(PROVIDED DATA)
▼

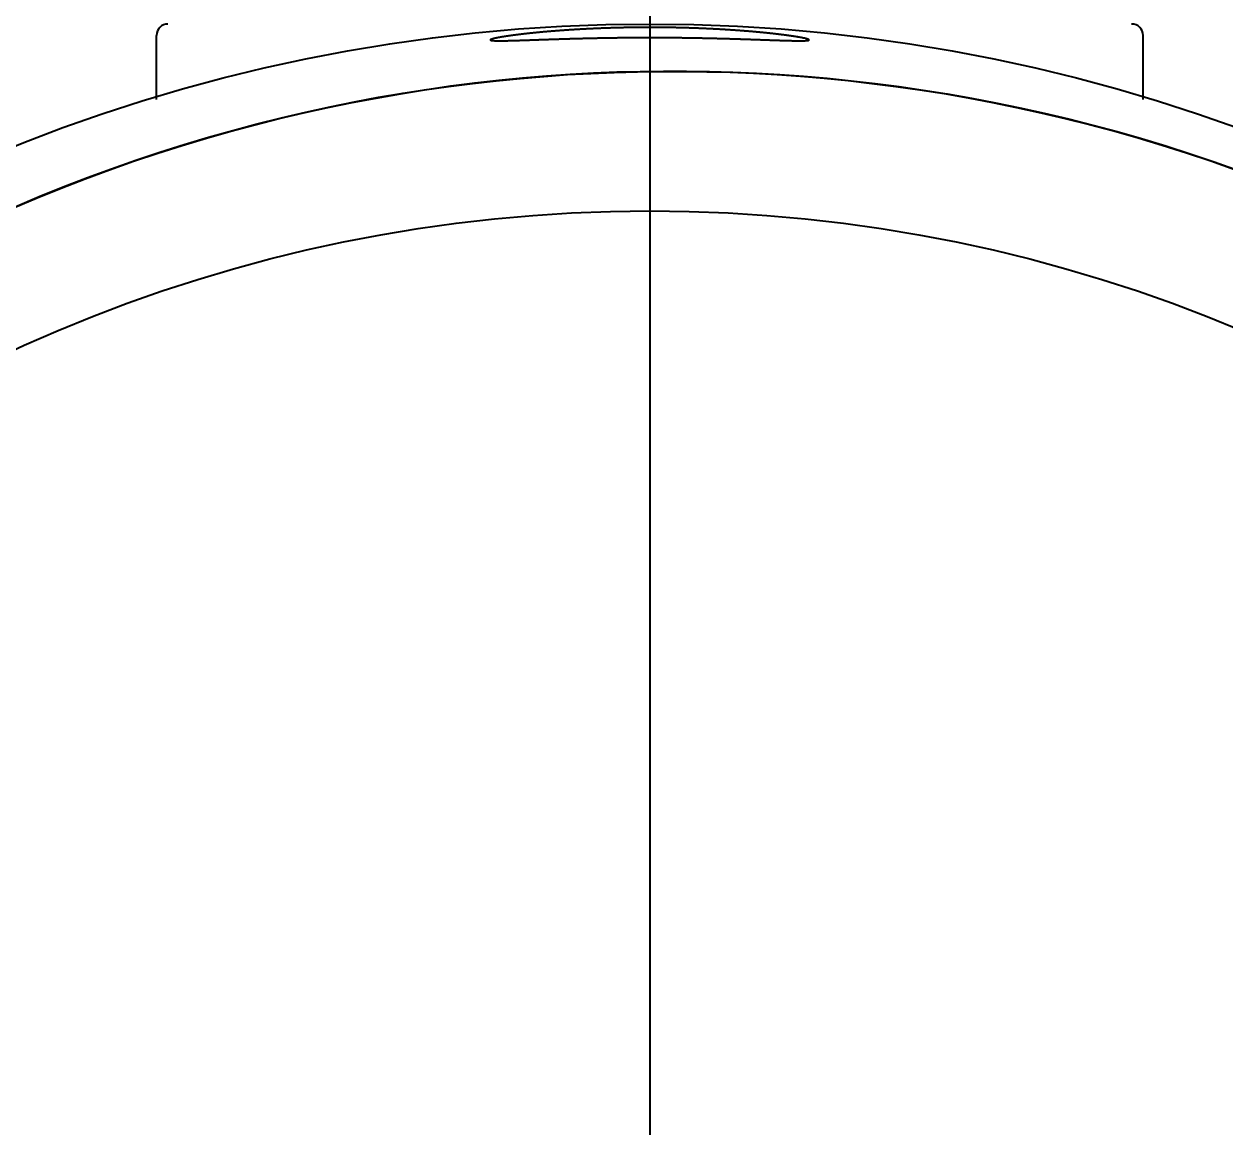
# Model space of a CAD drawing. Header units: millimetres. Extents: x 0 to 5600, y -67 to 2530.
# Drawn here: x 4129.28 to 4161.78, y 1594.87 to 1624.72 of the extents above; entities that cross this region are included whole.
import ezdxf
from ezdxf.lldxf.tags import DXFTag

# ---------------------------------------------------------------- set-up
doc = ezdxf.new("R2010")
doc.units = ezdxf.units.MM
for name, color, linetype in [('내부선 및 부속', 4, 'Continuous'), ('중심선', 1, 'DASHED'), ('치수선', 7, 'Continuous')]:
    doc.layers.add(name, color=color, linetype=linetype)
doc.styles.add('____', font='')
doc.styles.get('____').set_extended_font_data('굴림')
tags = doc.linetypes.add('DASHED', pattern=[25.72, 12.86, -12.86]).pattern_tags.tags
tags[6:7] = [DXFTag(74, 4), DXFTag(75, 0), DXFTag(340, '0'), DXFTag(46, 0.0), DXFTag(50, 0.0), DXFTag(44, 0.0), DXFTag(45, 0.0)]
tags[4:5] = [DXFTag(74, 4), DXFTag(75, 0), DXFTag(340, '0'), DXFTag(46, 0.0), DXFTag(50, 0.0), DXFTag(44, 0.0), DXFTag(45, 0.0)]
doc.dimstyles.new('MSADIM', dxfattribs={"dimtxt": 33, "dimasz": 17, "dimexe": 10, "dimexo": 7.5, "dimgap": 10, "dimtad": 0, "dimtih": 1, "dimtoh": 1, "dimdec": 0, "dimzin": 1, "dimdsep": 46, "dimtxsty": '____', "dimcen": 11.25, "dimadec": 0, "dimazin": 0, "dimtfac": 1, "dimtdec": 0, "dimtix": 1, "dimtmove": 0, "dimatfit": 3, "dimfxl": 1, "dimtolj": 1, "dimtzin": 1, "dimarcsym": 0})

# ---------------------------------------------------------------- blocks, each defined once
blk = doc.blocks.new('*D12')
at = {"layer": '치수선', "color": 0, "linetype": 'Continuous', "lineweight": -2, "transparency": 16777216}
for p, q in [((4076.213, 1776.022), (4076.213, 1863.15)), ((4756.213, 1586.022), (4756.213, 1863.15)), ((4093.213, 1853.15), (4378.933, 1853.15)), ((4739.213, 1853.15), (4453.494, 1853.15))]:
    blk.add_line(p, q, dxfattribs=at)
at = {"layer": '치수선', "color": 0, "linetype": 'Continuous', "transparency": 16777216}
for points in [[(4093.213, 1855.984), (4093.213, 1850.317), (4076.213, 1853.15)], [(4739.213, 1855.984), (4739.213, 1850.317), (4756.213, 1853.15)]]:
    blk.add_solid(points, dxfattribs=at)
at = {"layer": '치수선', "color": 0, "linetype": 'Continuous', "transparency": 16777216, "insert": (4416.213, 1853.15), "char_height": 25, "attachment_point": 5, "style": '____'}
blk.add_mtext('\\A1;680', dxfattribs=at)

msp = doc.modelspace()

# ---------------------------------------------------------------- linework, layer by layer
at = {"layer": '내부선 및 부속', "linetype": 'Continuous'}
for p, q in [((4132.868, 1622.671), (4132.868, 1624.409)), ((4159.559, 1622.671), (4159.559, 1624.409))]:
    msp.add_line(p, q, dxfattribs=at)
at = {"layer": '내부선 및 부속', "linetype": 'Continuous', "flags": 128}
for points in [[(4146.213, 1624.626), (4146.205, 1624.626), (4146.196, 1624.626), (4146.188, 1624.626), (4146.179, 1624.626), (4146.171, 1624.626), (4146.162, 1624.626), (4146.154, 1624.626), (4146.145, 1624.626), (4146.137, 1624.626), (4146.128, 1624.626), (4146.12, 1624.626), (4146.111, 1624.626), (4146.103, 1624.626), (4146.094, 1624.626), (4146.086, 1624.626), (4146.077, 1624.626), (4146.069, 1624.626), (4146.06, 1624.626), (4146.052, 1624.625), (4146.043, 1624.625), (4146.035, 1624.625), (4146.026, 1624.625), (4146.018, 1624.625), (4146.009, 1624.625), (4146.001, 1624.625), (4145.992, 1624.625), (4145.984, 1624.625), (4145.975, 1624.625), (4145.967, 1624.625), (4145.958, 1624.625), (4145.95, 1624.625), (4145.942, 1624.625), (4145.933, 1624.625), (4145.925, 1624.625), (4145.916, 1624.625), (4145.908, 1624.625), (4145.899, 1624.624), (4145.891, 1624.624), (4145.882, 1624.624), (4145.874, 1624.624), (4145.865, 1624.624), (4145.857, 1624.624), (4145.848, 1624.624), (4145.84, 1624.624), (4145.831, 1624.624), (4145.823, 1624.624), (4145.814, 1624.624), (4145.806, 1624.623), (4145.797, 1624.623), (4145.789, 1624.623), (4145.78, 1624.623), (4145.772, 1624.623), (4145.763, 1624.623), (4145.755, 1624.623), (4145.746, 1624.623), (4145.738, 1624.623), (4145.729, 1624.622), (4145.721, 1624.622), (4145.712, 1624.622), (4145.704, 1624.622), (4145.695, 1624.622), (4145.687, 1624.622), (4145.678, 1624.622), (4145.67, 1624.622), (4145.661, 1624.621), (4145.653, 1624.621), (4145.645, 1624.621), (4145.636, 1624.621), (4145.628, 1624.621), (4145.619, 1624.621), (4145.611, 1624.621), (4145.602, 1624.62), (4145.594, 1624.62), (4145.585, 1624.62), (4145.577, 1624.62), (4145.568, 1624.62), (4145.56, 1624.62), (4145.551, 1624.619), (4145.543, 1624.619), (4145.534, 1624.619), (4145.526, 1624.619), (4145.517, 1624.619), (4145.509, 1624.619), (4145.5, 1624.618), (4145.492, 1624.618), (4145.483, 1624.618), (4145.475, 1624.618), (4145.466, 1624.618), (4145.458, 1624.618), (4145.449, 1624.617), (4145.441, 1624.617), (4145.432, 1624.617), (4145.424, 1624.617), (4145.415, 1624.617), (4145.407, 1624.616), (4145.398, 1624.616), (4145.39, 1624.616), (4145.381, 1624.616), (4145.373, 1624.616), (4145.365, 1624.615), (4145.365, 1624.615), (4145.356, 1624.615), (4145.348, 1624.615), (4145.339, 1624.615), (4145.331, 1624.615), (4145.322, 1624.614), (4145.314, 1624.614), (4145.305, 1624.614), (4145.297, 1624.614), (4145.288, 1624.613), (4145.28, 1624.613), (4145.271, 1624.613), (4145.263, 1624.613), (4145.254, 1624.612), (4145.246, 1624.612), (4145.237, 1624.612), (4145.229, 1624.612), (4145.22, 1624.612), (4145.212, 1624.611), (4145.203, 1624.611), (4145.195, 1624.611), (4145.186, 1624.611), (4145.178, 1624.61), (4145.169, 1624.61), (4145.161, 1624.61), (4145.152, 1624.609), (4145.144, 1624.609), (4145.135, 1624.609), (4145.127, 1624.609), (4145.119, 1624.608), (4145.11, 1624.608), (4145.102, 1624.608), (4145.093, 1624.608), (4145.085, 1624.607), (4145.076, 1624.607), (4145.068, 1624.607), (4145.059, 1624.606), (4145.051, 1624.606), (4145.042, 1624.606), (4145.034, 1624.606), (4145.025, 1624.605), (4145.017, 1624.605), (4145.008, 1624.605), (4145, 1624.604), (4144.991, 1624.604), (4144.983, 1624.604), (4144.974, 1624.603), (4144.966, 1624.603), (4144.957, 1624.603), (4144.949, 1624.603), (4144.94, 1624.602), (4144.932, 1624.602), (4144.923, 1624.602), (4144.915, 1624.601), (4144.907, 1624.601), (4144.898, 1624.601), (4144.89, 1624.6), (4144.881, 1624.6), (4144.873, 1624.6), (4144.864, 1624.599), (4144.856, 1624.599), (4144.847, 1624.599), (4144.839, 1624.598), (4144.83, 1624.598), (4144.822, 1624.598), (4144.813, 1624.597), (4144.805, 1624.597), (4144.796, 1624.597), (4144.788, 1624.596), (4144.779, 1624.596), (4144.771, 1624.595), (4144.762, 1624.595), (4144.754, 1624.595), (4144.745, 1624.594), (4144.737, 1624.594), (4144.728, 1624.594), (4144.72, 1624.593), (4144.711, 1624.593), (4144.703, 1624.592), (4144.695, 1624.592), (4144.686, 1624.592), (4144.678, 1624.591), (4144.669, 1624.591), (4144.661, 1624.591), (4144.652, 1624.59), (4144.644, 1624.59), (4144.635, 1624.589), (4144.627, 1624.589), (4144.618, 1624.589), (4144.61, 1624.588), (4144.601, 1624.588), (4144.593, 1624.587), (4144.584, 1624.587), (4144.576, 1624.587), (4144.567, 1624.586), (4144.559, 1624.586), (4144.55, 1624.585), (4144.542, 1624.585), (4144.533, 1624.584), (4144.525, 1624.584), (4144.517, 1624.584), (4144.517, 1624.584), (4144.508, 1624.583), (4144.5, 1624.583), (4144.491, 1624.582), (4144.483, 1624.582), (4144.474, 1624.581), (4144.466, 1624.581), (4144.457, 1624.581), (4144.449, 1624.58), (4144.44, 1624.58), (4144.432, 1624.579), (4144.423, 1624.579), (4144.415, 1624.578), (4144.406, 1624.578), (4144.398, 1624.577), (4144.389, 1624.577), (4144.381, 1624.577), (4144.372, 1624.576), (4144.364, 1624.576), (4144.356, 1624.575), (4144.347, 1624.575), (4144.339, 1624.574), (4144.33, 1624.574), (4144.322, 1624.573), (4144.313, 1624.573), (4144.305, 1624.572), (4144.296, 1624.572), (4144.288, 1624.571), (4144.279, 1624.571), (4144.271, 1624.57), (4144.262, 1624.57), (4144.254, 1624.569), (4144.245, 1624.569), (4144.237, 1624.568), (4144.228, 1624.568), (4144.22, 1624.567), (4144.211, 1624.567), (4144.203, 1624.566), (4144.195, 1624.566), (4144.186, 1624.565), (4144.178, 1624.565), (4144.169, 1624.564), (4144.161, 1624.564), (4144.152, 1624.563), (4144.144, 1624.563), (4144.135, 1624.562), (4144.127, 1624.562), (4144.118, 1624.561), (4144.11, 1624.561), (4144.101, 1624.56), (4144.093, 1624.559), (4144.084, 1624.559), (4144.076, 1624.558), (4144.067, 1624.558), (4144.059, 1624.557), (4144.051, 1624.557), (4144.042, 1624.556), (4144.034, 1624.556), (4144.025, 1624.555), (4144.017, 1624.554), (4144.008, 1624.554), (4144, 1624.553), (4143.991, 1624.553), (4143.983, 1624.552), (4143.974, 1624.552), (4143.966, 1624.551), (4143.957, 1624.55), (4143.949, 1624.55), (4143.94, 1624.549), (4143.932, 1624.549), (4143.924, 1624.548), (4143.915, 1624.548), (4143.907, 1624.547), (4143.898, 1624.546), (4143.89, 1624.546), (4143.881, 1624.545), (4143.873, 1624.545), (4143.864, 1624.544), (4143.856, 1624.543), (4143.847, 1624.543), (4143.839, 1624.542), (4143.83, 1624.541), (4143.822, 1624.541), (4143.814, 1624.54), (4143.805, 1624.54), (4143.797, 1624.539), (4143.788, 1624.538), (4143.78, 1624.538), (4143.771, 1624.537), (4143.763, 1624.536), (4143.754, 1624.536), (4143.746, 1624.535), (4143.737, 1624.535), (4143.729, 1624.534), (4143.72, 1624.533), (4143.712, 1624.533), (4143.704, 1624.532), (4143.695, 1624.531), (4143.687, 1624.531), (4143.678, 1624.53), (4143.67, 1624.529), (4143.67, 1624.529), (4143.661, 1624.529), (4143.653, 1624.528), (4143.644, 1624.527), (4143.636, 1624.527), (4143.627, 1624.526), (4143.619, 1624.525), (4143.61, 1624.525), (4143.602, 1624.524), (4143.594, 1624.523), (4143.585, 1624.523), (4143.577, 1624.522), (4143.568, 1624.521), (4143.56, 1624.521), (4143.551, 1624.52), (4143.543, 1624.519), (4143.534, 1624.518), (4143.526, 1624.518), (4143.517, 1624.517), (4143.509, 1624.516), (4143.5, 1624.516), (4143.492, 1624.515), (4143.484, 1624.514), (4143.475, 1624.513), (4143.467, 1624.513), (4143.458, 1624.512), (4143.45, 1624.511), (4143.441, 1624.51), (4143.433, 1624.51), (4143.424, 1624.509), (4143.416, 1624.508), (4143.407, 1624.508), (4143.399, 1624.507), (4143.391, 1624.506), (4143.382, 1624.505), (4143.374, 1624.505), (4143.365, 1624.504), (4143.357, 1624.503), (4143.348, 1624.502), (4143.34, 1624.501), (4143.331, 1624.501), (4143.323, 1624.5), (4143.315, 1624.499), (4143.306, 1624.498), (4143.298, 1624.498), (4143.289, 1624.497), (4143.281, 1624.496), (4143.272, 1624.495), (4143.264, 1624.494), (4143.255, 1624.494), (4143.247, 1624.493), (4143.238, 1624.492), (4143.23, 1624.491), (4143.222, 1624.49), (4143.213, 1624.49), (4143.205, 1624.489), (4143.196, 1624.488), (4143.188, 1624.487), (4143.179, 1624.486), (4143.171, 1624.486), (4143.162, 1624.485), (4143.154, 1624.484), (4143.146, 1624.483), (4143.137, 1624.482), (4143.129, 1624.481), (4143.12, 1624.481), (4143.112, 1624.48), (4143.103, 1624.479), (4143.095, 1624.478), (4143.086, 1624.477), (4143.078, 1624.476), (4143.07, 1624.475), (4143.061, 1624.475), (4143.053, 1624.474), (4143.044, 1624.473), (4143.036, 1624.472), (4143.027, 1624.471), (4143.019, 1624.47), (4143.01, 1624.469), (4143.002, 1624.468), (4142.994, 1624.468), (4142.985, 1624.467), (4142.977, 1624.466), (4142.968, 1624.465), (4142.96, 1624.464), (4142.951, 1624.463), (4142.943, 1624.462), (4142.935, 1624.461), (4142.926, 1624.46), (4142.918, 1624.459), (4142.909, 1624.458), (4142.901, 1624.458), (4142.892, 1624.457), (4142.884, 1624.456), (4142.875, 1624.455), (4142.867, 1624.454), (4142.859, 1624.453), (4142.85, 1624.452), (4142.842, 1624.451), (4142.833, 1624.45), (4142.825, 1624.449), (4142.825, 1624.449), (4142.816, 1624.448), (4142.808, 1624.447), (4142.8, 1624.446), (4142.791, 1624.445), (4142.783, 1624.444), (4142.774, 1624.443), (4142.766, 1624.442), (4142.757, 1624.441), (4142.749, 1624.44), (4142.741, 1624.439), (4142.732, 1624.438), (4142.724, 1624.437), (4142.715, 1624.436), (4142.707, 1624.435), (4142.698, 1624.434), (4142.69, 1624.433), (4142.682, 1624.432), (4142.673, 1624.431), (4142.665, 1624.43), (4142.656, 1624.429), (4142.648, 1624.428), (4142.64, 1624.427), (4142.631, 1624.426), (4142.623, 1624.425), (4142.614, 1624.424), (4142.606, 1624.423), (4142.597, 1624.422), (4142.589, 1624.42), (4142.581, 1624.419), (4142.572, 1624.418), (4142.564, 1624.417), (4142.555, 1624.416), (4142.547, 1624.415), (4142.539, 1624.414), (4142.53, 1624.413), (4142.522, 1624.412), (4142.513, 1624.411), (4142.505, 1624.409), (4142.496, 1624.408), (4142.488, 1624.407), (4142.48, 1624.406), (4142.471, 1624.405), (4142.463, 1624.404), (4142.454, 1624.403), (4142.446, 1624.401), (4142.438, 1624.4), (4142.429, 1624.399), (4142.421, 1624.398), (4142.412, 1624.397), (4142.404, 1624.395), (4142.396, 1624.394), (4142.387, 1624.393), (4142.379, 1624.392), (4142.37, 1624.391), (4142.362, 1624.389), (4142.354, 1624.388), (4142.345, 1624.387), (4142.337, 1624.386), (4142.328, 1624.384), (4142.32, 1624.383), (4142.312, 1624.382), (4142.303, 1624.381), (4142.295, 1624.379), (4142.287, 1624.378), (4142.278, 1624.377), (4142.27, 1624.375), (4142.261, 1624.374), (4142.253, 1624.373), (4142.245, 1624.371), (4142.236, 1624.37), (4142.228, 1624.369), (4142.219, 1624.367), (4142.211, 1624.366), (4142.203, 1624.364), (4142.194, 1624.363), (4142.186, 1624.362), (4142.178, 1624.36), (4142.169, 1624.359), (4142.161, 1624.357), (4142.152, 1624.356), (4142.144, 1624.354), (4142.136, 1624.353), (4142.127, 1624.351), (4142.119, 1624.35), (4142.111, 1624.348), (4142.102, 1624.347), (4142.094, 1624.345), (4142.086, 1624.343), (4142.077, 1624.342), (4142.069, 1624.34), (4142.061, 1624.338), (4142.053, 1624.337), (4142.044, 1624.335), (4142.036, 1624.333), (4142.028, 1624.331), (4142.02, 1624.33), (4142.011, 1624.328), (4142.003, 1624.326), (4141.995, 1624.324), (4141.986, 1624.322), (4141.986, 1624.322), (4141.978, 1624.32), (4141.97, 1624.317), (4141.961, 1624.315), (4141.953, 1624.313), (4141.945, 1624.31), (4141.937, 1624.308), (4141.929, 1624.305), (4141.921, 1624.302), (4141.914, 1624.298), (4141.906, 1624.294), (4141.902, 1624.287), (4141.902, 1624.287)], [(4150.525, 1624.287), (4150.52, 1624.294), (4150.512, 1624.298), (4150.505, 1624.302), (4150.497, 1624.305), (4150.489, 1624.308), (4150.481, 1624.31), (4150.473, 1624.313), (4150.465, 1624.315), (4150.456, 1624.317), (4150.448, 1624.32), (4150.44, 1624.322), (4150.431, 1624.324), (4150.423, 1624.326), (4150.415, 1624.328), (4150.407, 1624.33), (4150.398, 1624.331), (4150.39, 1624.333), (4150.382, 1624.335), (4150.373, 1624.337), (4150.365, 1624.338), (4150.357, 1624.34), (4150.349, 1624.342), (4150.34, 1624.343), (4150.332, 1624.345), (4150.324, 1624.347), (4150.315, 1624.348), (4150.307, 1624.35), (4150.299, 1624.351), (4150.29, 1624.353), (4150.282, 1624.354), (4150.274, 1624.356), (4150.265, 1624.357), (4150.257, 1624.359), (4150.249, 1624.36), (4150.24, 1624.362), (4150.232, 1624.363), (4150.223, 1624.364), (4150.215, 1624.366), (4150.207, 1624.367), (4150.198, 1624.369), (4150.19, 1624.37), (4150.182, 1624.371), (4150.173, 1624.373), (4150.165, 1624.374), (4150.156, 1624.375), (4150.148, 1624.377), (4150.14, 1624.378), (4150.131, 1624.379), (4150.123, 1624.381), (4150.114, 1624.382), (4150.106, 1624.383), (4150.098, 1624.384), (4150.089, 1624.386), (4150.081, 1624.387), (4150.072, 1624.388), (4150.064, 1624.389), (4150.056, 1624.391), (4150.047, 1624.392), (4150.039, 1624.393), (4150.031, 1624.394), (4150.022, 1624.395), (4150.014, 1624.397), (4150.005, 1624.398), (4149.997, 1624.399), (4149.989, 1624.4), (4149.98, 1624.401), (4149.972, 1624.403), (4149.963, 1624.404), (4149.955, 1624.405), (4149.946, 1624.406), (4149.938, 1624.407), (4149.93, 1624.408), (4149.921, 1624.409), (4149.913, 1624.411), (4149.904, 1624.412), (4149.896, 1624.413), (4149.888, 1624.414), (4149.879, 1624.415), (4149.871, 1624.416), (4149.862, 1624.417), (4149.854, 1624.418), (4149.846, 1624.419), (4149.837, 1624.42), (4149.829, 1624.422), (4149.82, 1624.423), (4149.812, 1624.424), (4149.803, 1624.425), (4149.795, 1624.426), (4149.787, 1624.427), (4149.778, 1624.428), (4149.77, 1624.429), (4149.761, 1624.43), (4149.753, 1624.431), (4149.744, 1624.432), (4149.736, 1624.433), (4149.728, 1624.434), (4149.719, 1624.435), (4149.711, 1624.436), (4149.702, 1624.437), (4149.694, 1624.438), (4149.694, 1624.438), (4149.685, 1624.439), (4149.677, 1624.44), (4149.669, 1624.441), (4149.66, 1624.442), (4149.652, 1624.443), (4149.643, 1624.444), (4149.635, 1624.445), (4149.627, 1624.446), (4149.618, 1624.447), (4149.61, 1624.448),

▲

(WHAT TO WORK ON) Each line that holds the word "units" should be extracted from the records.

(SOLUTION TO THE PROBLEM)
# Model space of a CAD drawing. Header units: millimetres. Extents: x 0 to 5600, y -67 to 2530.
doc.units = ezdxf.units.MM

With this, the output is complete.